A comparison between the samples obtained from electrolyte solutions in which the Ca precursor was added dropwise on top of the P precursor during the electrodeposition process shows that the specimen with the overall highest surface roughness of the coating was HA19. Unfortunately, Ni is not among the metals that have found application in the fields of orthopedics and dentistry due to their unsuitable properties [64], but new applications for these hybrid structures may be discovered.

4. Conclusions

The results of our study show that all the layers deposited using the new approach were more uniform and continuous compared to classically deposited layers. All the samples deposited at 90 °C presented a better crystallinity compared to the samples deposited at 80 °C, while all the samples deposited by adding Ca to the electrolyte presented a preferential growth along the c-direction and acicular morphology (enhanced by temperature growth). The addition of Ca created more compact and more uniform coatings, while the addition of P created more porous layers. Best results were obtained by adding Ca at 90 °C on the Ti substrate, when the intensity of the XRD peaks decreased for the substrate, indicating the growth in thickness of the deposited layers and the potential for anti-corrosion applications.
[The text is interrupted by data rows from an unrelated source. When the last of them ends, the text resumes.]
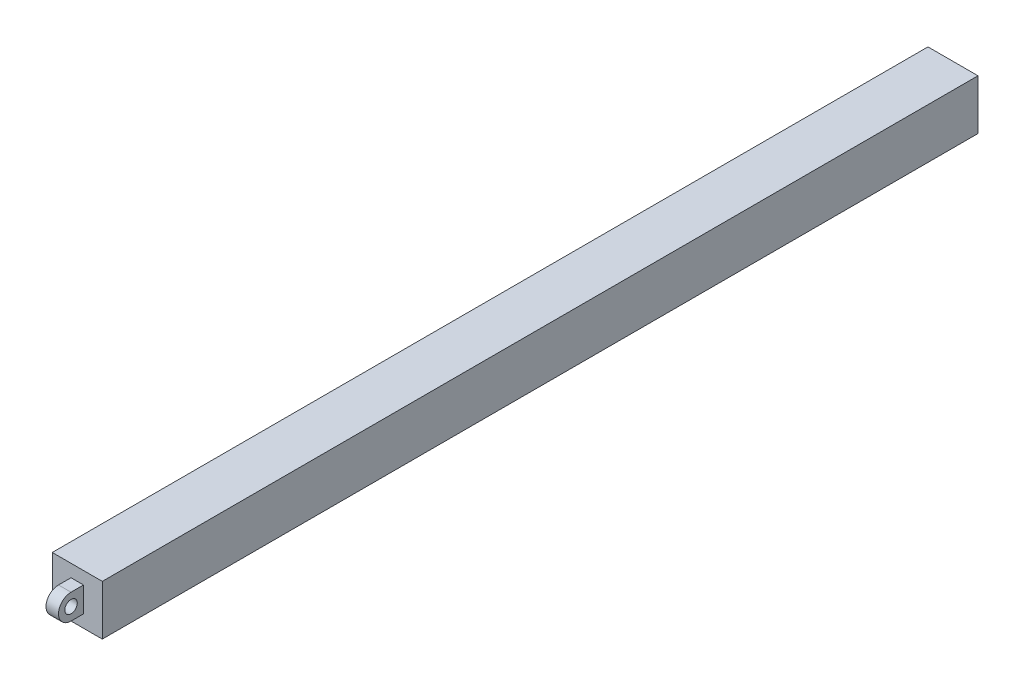
from build123d import *

# Parameters (mm, degrees)
SKETCH_2_W      = 175
SKETCH_2_H      = 10
EXTRUDE_1_DEPTH = 5
SKETCH_3_R      = 1.25
EXTRUDE_2_DEPTH = 1.25


with BuildPart() as part:
    # 스케치2 → 보스-돌출1 (new, symmetric)
    with BuildSketch(Plane(origin=(0, 0, 0), x_dir=(0, 0, -1), z_dir=(1, 0, 0))):
        Rectangle(SKETCH_2_W, SKETCH_2_H)
    extrude(amount=EXTRUDE_1_DEPTH, both=True)

    # 스케치3 → 보스-돌출2 (add, symmetric)
    with BuildSketch(Plane(origin=(0, 0, 0), x_dir=(0, 0, -1), z_dir=(1, 0, 0))):
        with BuildLine():
            Line((-90, 2.5), (-87.5, 2.5))
            Line((-87.5, 2.5), (-87.5, -2.5))
            Line((-87.5, -2.5), (-90, -2.5))
            ThreePointArc((-90, -2.5), (-92.5, 0), (-90, 2.5))
        make_face()
        with Locations((-90, 0)):
            Circle(SKETCH_3_R, mode=Mode.SUBTRACT)
    extrude(amount=EXTRUDE_2_DEPTH, both=True)


solid = part.part
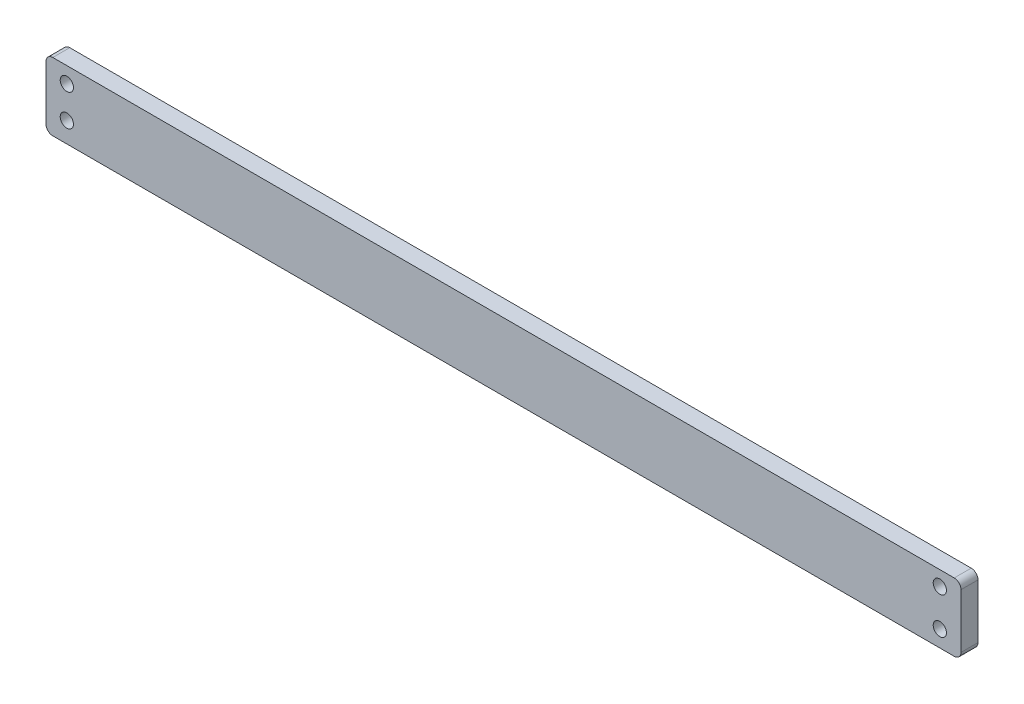
from build123d import *

# Parameters (mm, degrees)
SKETCH1_R           = 1.95
BOSS_EXTRUDE1_DEPTH = 5


with BuildPart() as part:
    # Sketch1 → Boss-Extrude1 (new body)
    with BuildSketch(Plane.XY):
        with BuildLine():
            Line((-3.514372136, 36.815496517), (262.040865352, 36.815496517))
            ThreePointArc((262.040865352, 36.815496517), (263.455078915, 37.401282955), (264.040865352, 38.815496517))
            Line((264.040865352, 38.815496517), (264.040865352, 54.815496517))
            ThreePointArc((264.040865352, 54.815496517), (263.455078915, 56.229710079), (262.040865352, 56.815496517))
            Line((262.040865352, 56.815496517), (-3.514372136, 56.815496517))
            ThreePointArc((-3.514372136, 56.815496517), (-4.928585698, 56.229710079), (-5.514372136, 54.815496517))
            Line((-5.514372136, 54.815496517), (-5.514372136, 38.815496517))
            ThreePointArc((-5.514372136, 38.815496517), (-4.928585698, 37.401282955), (-3.514372136, 36.815496517))
        make_face()
        with Locations((0.62126005, 42.807729827)):
            Circle(SKETCH1_R, mode=Mode.SUBTRACT)
        with Locations((0.62126005, 52.156372628)):
            Circle(SKETCH1_R, mode=Mode.SUBTRACT)
        with Locations((257.791885291, 41.668699963)):
            Circle(SKETCH1_R, mode=Mode.SUBTRACT)
        with Locations((257.791885291, 52.481050085)):
            Circle(SKETCH1_R, mode=Mode.SUBTRACT)
    extrude(amount=BOSS_EXTRUDE1_DEPTH)


solid = part.part

The XRD pattern characteristics did not change for the P-added samples when the deposition temperature increased from 80 to 90 °C. In terms of the parameter mean values calculated from the AFM data for the first study, the conclusion is that the HA coated Ti sample obtained by adding the Ca precursor over the P precursor at 80 °C for 2 h had the highest surface roughness.

As for the second study, only a very small quantity of crystalline HA was deposited on the C55, Cu, and Ni substrates when the classic electrodeposition method was employed while using the new approach clearly led to a larger amount of crystalline HA electrodeposited on the same types of metals. The samples obtained using the standard HA electrodeposition procedure (for 4 h at 80 °C) displayed the highest surface roughness of the coating, especially when the metal substrate was copper and C55 stainless steel, while more uniform and continuous surfaces of the samples were obtained when the novel method and different metal substrates were employed.